**ACTIVITY**
Whenever a line below mentions the word "Holes", that line should be copied.

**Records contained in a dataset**
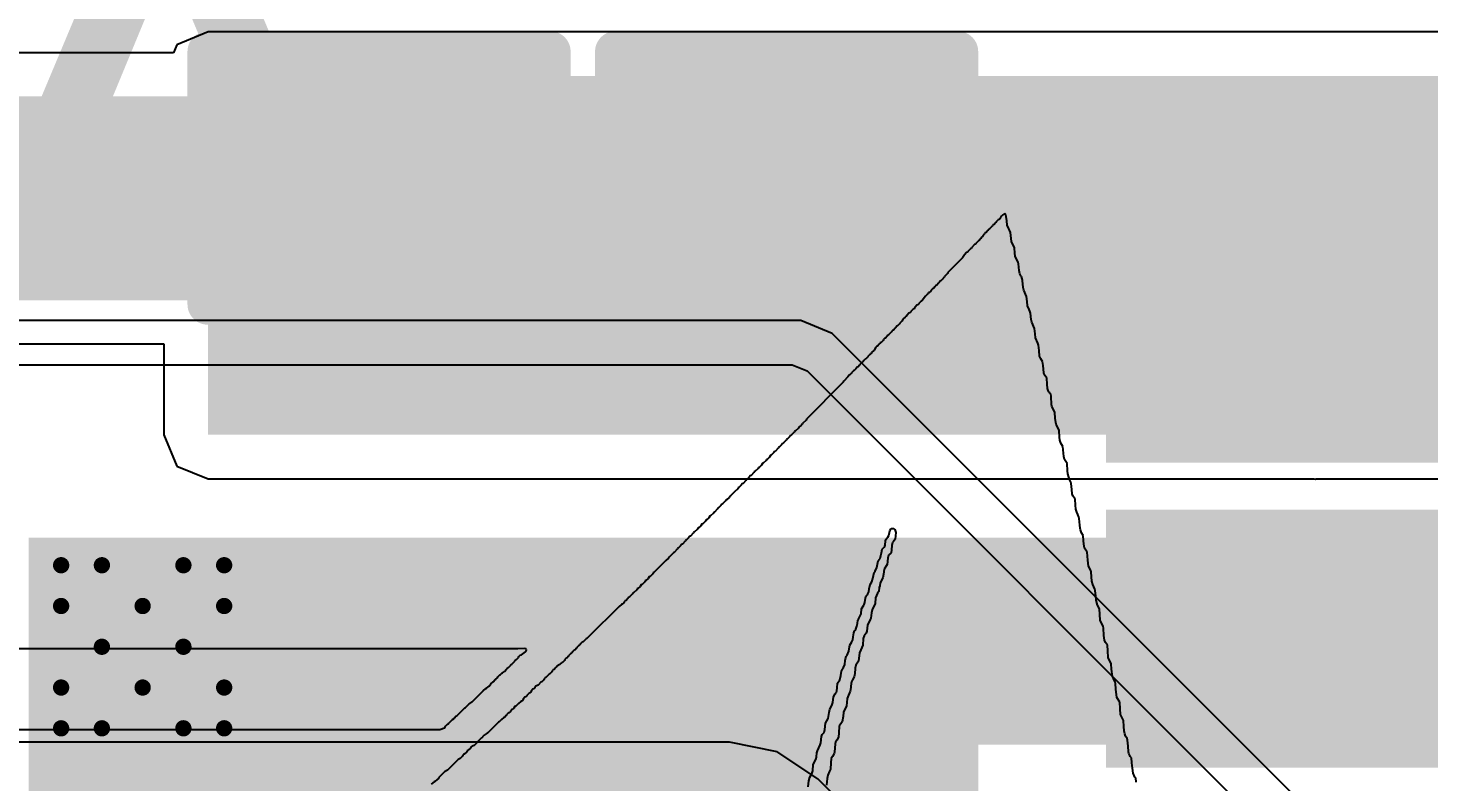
# Model space of a CAD drawing. Header units: inches. Extents: x -0.2 to 17.4, y -0.2 to 2.6.
# Drawn here: x 1.0419 to 1.2138, y 0.8524 to 0.9449 of the extents above; entities that cross this region are included whole.
import ezdxf

# ---------------------------------------------------------------- set-up
doc = ezdxf.new("R2010")
doc.units = ezdxf.units.IN
doc.header["$MEASUREMENT"] = 0
for name, color, linetype in [('Bottom Layer', 5, 'Continuous'), ('Bottom Overlay', 54, 'Continuous'), ('Drill Drawing', 1, 'Continuous'), ('Top Layer', 1, 'Continuous'), ('Top Overlay', 2, 'Continuous'), ('Top Paste', 8, 'Continuous'), ('Top Solder', 216, 'Continuous'), ('Via Holes', 16, 'Continuous')]:
    doc.layers.add(name, color=color, linetype=linetype)
doc.styles.add('Arial_Bold', font='', dxfattribs={"height": 0.2})
doc.styles.get('Arial_Bold').set_extended_font_data('Arial', bold=True)

# ---------------------------------------------------------------- blocks, each defined once
blk = doc.blocks.new('SOT_23_5_20')
at = {"layer": 'Top Layer'}
for points in [[(-0.07283, 0.04921), (-0.02953, 0.04921), (-0.02953, 0.02559), (-0.07283, 0.02559)], [(-0.07283, 0.01181), (-0.02953, 0.01181), (-0.02953, -0.01181), (-0.07283, -0.01181)]]:
    blk.add_hatch(color=1, dxfattribs=at).paths.add_polyline_path(points)
at = {"layer": 'Top Paste'}
for points in [[(-0.07283, 0.04921), (-0.02953, 0.04921), (-0.02953, 0.02559), (-0.07283, 0.02559)], [(-0.07283, 0.01181), (-0.02953, 0.01181), (-0.02953, -0.01181), (-0.07283, -0.01181)]]:
    blk.add_hatch(color=8, dxfattribs=at).paths.add_polyline_path(points)
at = {"layer": 'Top Solder'}
for points in [[(-0.07683, 0.05321), (-0.02553, 0.05321), (-0.02553, 0.02159), (-0.07683, 0.02159)], [(-0.07683, 0.01581), (-0.02553, 0.01581), (-0.02553, -0.01581), (-0.07683, -0.01581)]]:
    blk.add_hatch(color=216, dxfattribs=at).paths.add_polyline_path(points)
at = {"layer": 'Top Overlay'}
for points in [[(-0.084, 0.042, 0.005, 0.005, 0), (-0.079, 0.037, 0.005, 0.005, 0)], [(-0.084, 0.032, 0.005, 0.005, 0), (-0.084, 0.042, 0.005, 0.005, 0)], [(-0.084, 0.032, 0.005, 0.005, 0), (-0.079, 0.037, 0.005, 0.005, 0)]]:
    blk.add_lwpolyline(points, format="xyseb", dxfattribs=at)
for points in [[(-0.08525, 0.042, 0.0025, 0.0025, 1), (-0.08275, 0.042, 0.0025, 0.0025, 1)], [(-0.08525, 0.042, 0.0025, 0.0025, 1), (-0.08275, 0.042, 0.0025, 0.0025, 1)], [(-0.08025, 0.037, 0.0025, 0.0025, 1), (-0.07775, 0.037, 0.0025, 0.0025, 1)], [(-0.08025, 0.037, 0.0025, 0.0025, 1), (-0.07775, 0.037, 0.0025, 0.0025, 1)], [(-0.08525, 0.032, 0.0025, 0.0025, 1), (-0.08275, 0.032, 0.0025, 0.0025, 1)], [(-0.08525, 0.032, 0.0025, 0.0025, 1), (-0.08275, 0.032, 0.0025, 0.0025, 1)]]:
    blk.add_lwpolyline(points, format="xyseb", close=True, dxfattribs=at)
blk = doc.blocks.new('C___0603_106')
at = {"layer": 'Top Layer'}
for points in [[(-0.015, 0.0175), (-0.015, -0.0175), (-0.045, -0.0175), (-0.045, 0.0175)], [(0.045, 0.0175), (0.045, -0.0175), (0.015, -0.0175), (0.015, 0.0175)]]:
    blk.add_hatch(color=1, dxfattribs=at).paths.add_polyline_path(points)
at = {"layer": 'Top Paste'}
for points in [[(-0.015, 0.0175), (-0.015, -0.0175), (-0.045, -0.0175), (-0.045, 0.0175)], [(0.045, 0.0175), (0.045, -0.0175), (0.015, -0.0175), (0.015, 0.0175)]]:
    blk.add_hatch(color=8, dxfattribs=at).paths.add_polyline_path(points)
at = {"layer": 'Top Solder'}
for points in [[(-0.01264, 0.01986), (-0.01264, -0.01986), (-0.04736, -0.01986), (-0.04736, 0.01986)], [(0.04736, 0.01986), (0.04736, -0.01986), (0.01264, -0.01986), (0.01264, 0.01986)]]:
    blk.add_hatch(color=216, dxfattribs=at).paths.add_polyline_path(points)
at = {"layer": 'Top Overlay'}
for points in [[(-0.018, 0.021, 0.005, 0.005, 0), (-0.049, 0.021, 0.005, 0.005, 0)], [(-0.049, -0.021, 0.005, 0.005, 0), (-0.049, 0.021, 0.005, 0.005, 0)], [(0.049, 0.021, 0.005, 0.005, 0), (0.018, 0.021, 0.005, 0.005, 0)], [(-0.018, -0.021, 0.005, 0.005, 0), (-0.049, -0.021, 0.005, 0.005, 0)], [(0.049, -0.021, 0.005, 0.005, 0), (0.018, -0.021, 0.005, 0.005, 0)]]:
    blk.add_lwpolyline(points, format="xyseb", dxfattribs=at)
for points in [[(-0.05025, 0.021, 0.0025, 0.0025, 1), (-0.04775, 0.021, 0.0025, 0.0025, 1)], [(-0.05025, 0.021, 0.0025, 0.0025, 1), (-0.04775, 0.021, 0.0025, 0.0025, 1)], [(-0.01925, 0.021, 0.0025, 0.0025, 1), (-0.01675, 0.021, 0.0025, 0.0025, 1)], [(0.01675, 0.021, 0.0025, 0.0025, 1), (0.01925, 0.021, 0.0025, 0.0025, 1)], [(-0.05025, -0.021, 0.0025, 0.0025, 1), (-0.04775, -0.021, 0.0025, 0.0025, 1)], [(-0.05025, -0.021, 0.0025, 0.0025, 1), (-0.04775, -0.021, 0.0025, 0.0025, 1)], [(-0.01925, -0.021, 0.0025, 0.0025, 1), (-0.01675, -0.021, 0.0025, 0.0025, 1)], [(0.01675, -0.021, 0.0025, 0.0025, 1), (0.01925, -0.021, 0.0025, 0.0025, 1)]]:
    blk.add_lwpolyline(points, format="xyseb", close=True, dxfattribs=at)
blk = doc.blocks.new('C___0603_108')
at = {"layer": 'Top Layer'}
for points in [[(-0.015, 0.0175), (-0.015, -0.0175), (-0.045, -0.0175), (-0.045, 0.0175)], [(0.045, 0.0175), (0.045, -0.0175), (0.015, -0.0175), (0.015, 0.0175)]]:
    blk.add_hatch(color=1, dxfattribs=at).paths.add_polyline_path(points)
at = {"layer": 'Top Paste'}
for points in [[(-0.015, 0.0175), (-0.015, -0.0175), (-0.045, -0.0175), (-0.045, 0.0175)], [(0.045, 0.0175), (0.045, -0.0175), (0.015, -0.0175), (0.015, 0.0175)]]:
    blk.add_hatch(color=8, dxfattribs=at).paths.add_polyline_path(points)
at = {"layer": 'Top Solder'}
for points in [[(-0.01264, 0.01986), (-0.01264, -0.01986), (-0.04736, -0.01986), (-0.04736, 0.01986)], [(0.04736, 0.01986), (0.04736, -0.01986), (0.01264, -0.01986), (0.01264, 0.01986)]]:
    blk.add_hatch(color=216, dxfattribs=at).paths.add_polyline_path(points)
at = {"layer": 'Top Overlay'}
for points in [[(-0.018, 0.021, 0.005, 0.005, 0), (-0.049, 0.021, 0.005, 0.005, 0)], [(-0.049, -0.021, 0.005, 0.005, 0), (-0.049, 0.021, 0.005, 0.005, 0)], [(0.049, 0.021, 0.005, 0.005, 0), (0.018, 0.021, 0.005, 0.005, 0)], [(-0.018, -0.021, 0.005, 0.005, 0), (-0.049, -0.021, 0.005, 0.005, 0)], [(0.049, -0.021, 0.005, 0.005, 0), (0.018, -0.021, 0.005, 0.005, 0)]]:
    blk.add_lwpolyline(points, format="xyseb", dxfattribs=at)
for points in [[(-0.05025, 0.021, 0.0025, 0.0025, 1), (-0.04775, 0.021, 0.0025, 0.0025, 1)], [(-0.05025, 0.021, 0.0025, 0.0025, 1), (-0.04775, 0.021, 0.0025, 0.0025, 1)], [(-0.01925, 0.021, 0.0025, 0.0025, 1), (-0.01675, 0.021, 0.0025, 0.0025, 1)], [(0.01675, 0.021, 0.0025, 0.0025, 1), (0.01925, 0.021, 0.0025, 0.0025, 1)], [(-0.05025, -0.021, 0.0025, 0.0025, 1), (-0.04775, -0.021, 0.0025, 0.0025, 1)], [(-0.05025, -0.021, 0.0025, 0.0025, 1), (-0.04775, -0.021, 0.0025, 0.0025, 1)], [(-0.01925, -0.021, 0.0025, 0.0025, 1), (-0.01675, -0.021, 0.0025, 0.0025, 1)], [(0.01675, -0.021, 0.0025, 0.0025, 1), (0.01925, -0.021, 0.0025, 0.0025, 1)]]:
    blk.add_lwpolyline(points, format="xyseb", close=True, dxfattribs=at)

msp = doc.modelspace()

# ---------------------------------------------------------------- hatches: boundary and pattern name
at = {"layer": 'Bottom Layer'}
h = msp.add_hatch(color=5, dxfattribs=at)
edge = h.paths.add_edge_path()
edge.add_arc((1.056, 0.869), 0.01181, 0, 360)
at = {"layer": 'Top Layer'}
for points in [[(1.06402, 0.895), (1.25, 0.895), (1.25, 0.939), (1.06402, 0.939)], [(1.042, 0.857), (1.222, 0.857), (1.222, 0.8824), (1.042, 0.8824)], [(1.042, 0.835), (1.15718, 0.835), (1.15718, 0.8694), (1.042, 0.8694)]]:
    msp.add_hatch(color=1, dxfattribs=at).paths.add_polyline_path(points)
h = msp.add_hatch(color=1, dxfattribs=at)
edge = h.paths.add_edge_path()
edge.add_arc((1.056, 0.869), 0.01181, 0, 360)
at = {"layer": 'Via Holes'}
h = msp.add_hatch(color=7, dxfattribs=at)
edge = h.paths.add_edge_path()
edge.add_arc((1.056, 0.869), 0.00591, 0, 360)

# ---------------------------------------------------------------- linework, layer by layer
at = {"layer": 'Bottom Layer'}
for p, q in [((1.13676, 0.909), (0.8723, 0.909)), ((1.14058, 0.90741), (1.13676, 0.909)), ((1.13676, 0.909), (1.13676, 0.909)), ((1.34124, 0.70676), (1.14058, 0.90741)), ((0.8723, 0.90359), (1.13568, 0.90359)), ((1.13568, 0.90359), (1.13752, 0.90283)), ((1.13752, 0.90283), (1.33741, 0.70293)), ((1.128, 0.85729), (1.028, 0.85729)), ((1.13385, 0.85613), (1.128, 0.85729)), ((1.13881, 0.85281), (1.13385, 0.85613)), ((1.47633, 0.51529), (1.13881, 0.85281))]:
    msp.add_line(p, q, dxfattribs=at)
at = {"layer": 'Bottom Overlay'}
for p, q in [((1.16096, 0.92137), (1.16072, 0.92114)), ((1.16106, 0.92142), (1.16096, 0.92137)), ((1.16114, 0.9215), (1.16106, 0.92142)), ((1.16119, 0.92161), (1.16114, 0.9215)), ((1.16129, 0.92171), (1.16119, 0.92161)), ((1.16134, 0.92181), (1.16129, 0.92171)), ((1.16152, 0.92199), (1.16134, 0.92181)), ((1.16178, 0.92215), (1.16152, 0.92199)), ((1.16191, 0.92202), (1.16178, 0.92215)), ((1.16201, 0.92124), (1.16191, 0.92202)), ((1.16207, 0.92073), (1.16201, 0.92124)), ((1.15912, 0.91949), (1.15907, 0.91938)), ((1.15923, 0.91959), (1.15912, 0.91949)), ((1.15928, 0.91969), (1.15923, 0.91959)), ((1.15935, 0.91977), (1.15928, 0.91969)), ((1.15946, 0.91982), (1.15935, 0.91977)), ((1.15969, 0.92006), (1.15946, 0.91982)), ((1.15974, 0.92016), (1.15969, 0.92006)), ((1.15982, 0.92024), (1.15974, 0.92016)), ((1.15992, 0.92029), (1.15982, 0.92024)), ((1.16021, 0.92057), (1.15992, 0.92029)), ((1.16026, 0.92068), (1.16021, 0.92057)), ((1.16034, 0.92075), (1.16026, 0.92068)), ((1.16044, 0.9208), (1.16034, 0.92075)), ((1.16067, 0.92104), (1.16044, 0.9208)), ((1.16072, 0.92114), (1.16067, 0.92104)), ((1.16227, 0.92026), (1.16207, 0.92073)), ((1.16235, 0.92008), (1.16227, 0.92026)), ((1.16245, 0.91982), (1.16235, 0.92008)), ((1.16253, 0.91907), (1.16245, 0.91982)), ((1.15755, 0.91781), (1.15721, 0.91747)), ((1.15765, 0.91786), (1.15755, 0.91781)), ((1.15768, 0.91794), (1.15765, 0.91786)), ((1.15806, 0.91833), (1.15768, 0.91794)), ((1.15817, 0.91838), (1.15806, 0.91833)), ((1.15819, 0.91845), (1.15817, 0.91838)), ((1.15853, 0.91879), (1.15819, 0.91845)), ((1.15863, 0.91884), (1.15853, 0.91879)), ((1.15881, 0.91907), (1.15863, 0.91884)), ((1.15886, 0.91918), (1.15881, 0.91907)), ((1.15907, 0.91938), (1.15886, 0.91918)), ((1.16258, 0.91871), (1.16253, 0.91907)), ((1.16294, 0.91794), (1.16258, 0.91871)), ((1.163, 0.91727), (1.16294, 0.91794)), ((1.15659, 0.9167), (1.15478, 0.91489)), ((1.1568, 0.91706), (1.15659, 0.9167)), ((1.15708, 0.91734), (1.1568, 0.91706)), ((1.15718, 0.9174), (1.15708, 0.91734)), ((1.15721, 0.91747), (1.15718, 0.9174)), ((1.16305, 0.91691), (1.163, 0.91727)), ((1.16341, 0.91613), (1.16305, 0.91691)), ((1.16346, 0.91598), (1.16341, 0.91613)), ((1.15432, 0.91432), (1.15422, 0.91422)), ((1.15437, 0.91443), (1.15432, 0.91432)), ((1.15473, 0.91479), (1.15437, 0.91443)), ((1.15478, 0.91489), (1.15473, 0.91479)), ((1.16351, 0.91515), (1.16346, 0.91598)), ((1.16362, 0.91474), (1.16351, 0.91515)), ((1.16372, 0.91448), (1.16362, 0.91474)), ((1.1638, 0.9144), (1.16372, 0.91448)), ((1.1639, 0.91414), (1.1638, 0.9144)), ((1.15267, 0.91262), (1.15248, 0.91244)), ((1.15272, 0.91272), (1.15267, 0.91262)), ((1.1529, 0.9129), (1.15272, 0.91272)), ((1.153, 0.91295), (1.1529, 0.9129)), ((1.15318, 0.91313), (1.153, 0.91295)), ((1.15323, 0.91324), (1.15318, 0.91313)), ((1.15331, 0.91332), (1.15323, 0.91324)), ((1.15341, 0.91337), (1.15331, 0.91332)), ((1.15365, 0.9136), (1.15341, 0.91337)), ((1.1537, 0.9137), (1.15365, 0.9136)), ((1.15383, 0.91383), (1.1537, 0.9137)), ((1.15393, 0.91388), (1.15383, 0.91383)), ((1.15416, 0.91412), (1.15393, 0.91388)), ((1.15422, 0.91422), (1.15416, 0.91412)), ((1.16395, 0.91394), (1.1639, 0.91414)), ((1.16403, 0.91308), (1.16395, 0.91394)), ((1.16408, 0.91272), (1.16403, 0.91308)), ((1.16444, 0.91195), (1.16408, 0.91272)), ((1.15099, 0.91089), (1.15075, 0.91066)), ((1.15109, 0.91094), (1.15099, 0.91089)), ((1.15117, 0.91102), (1.15109, 0.91094)), ((1.15122, 0.91112), (1.15117, 0.91102)), ((1.15145, 0.91135), (1.15122, 0.91112)), ((1.15156, 0.9114), (1.15145, 0.91135)), ((1.15163, 0.91148), (1.15156, 0.9114)), ((1.15202, 0.91202), (1.15163, 0.91148)), ((1.15212, 0.91208), (1.15202, 0.91202)), ((1.15225, 0.91221), (1.15212, 0.91208)), ((1.1523, 0.91231), (1.15225, 0.91221)), ((1.15238, 0.91233), (1.1523, 0.91231)), ((1.15241, 0.91241), (1.15238, 0.91233)), ((1.15248, 0.91244), (1.15241, 0.91241)), ((1.16449, 0.91133), (1.16444, 0.91195)), ((1.16454, 0.91081), (1.16449, 0.91133)), ((1.14931, 0.90921), (1.14915, 0.90895)), ((1.14954, 0.90944), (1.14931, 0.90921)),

**RESPONSE BELOW**
for name, color, linetype in [('Bottom Layer', 5, 'Continuous'), ('Bottom Overlay', 54, 'Continuous'), ('Drill Drawing', 1, 'Continuous'), ('Top Layer', 1, 'Continuous'), ('Top Overlay', 2, 'Continuous'), ('Top Paste', 8, 'Continuous'), ('Top Solder', 216, 'Continuous'), ('Via Holes', 16, 'Continuous')]:
at = {"layer": 'Via Holes'}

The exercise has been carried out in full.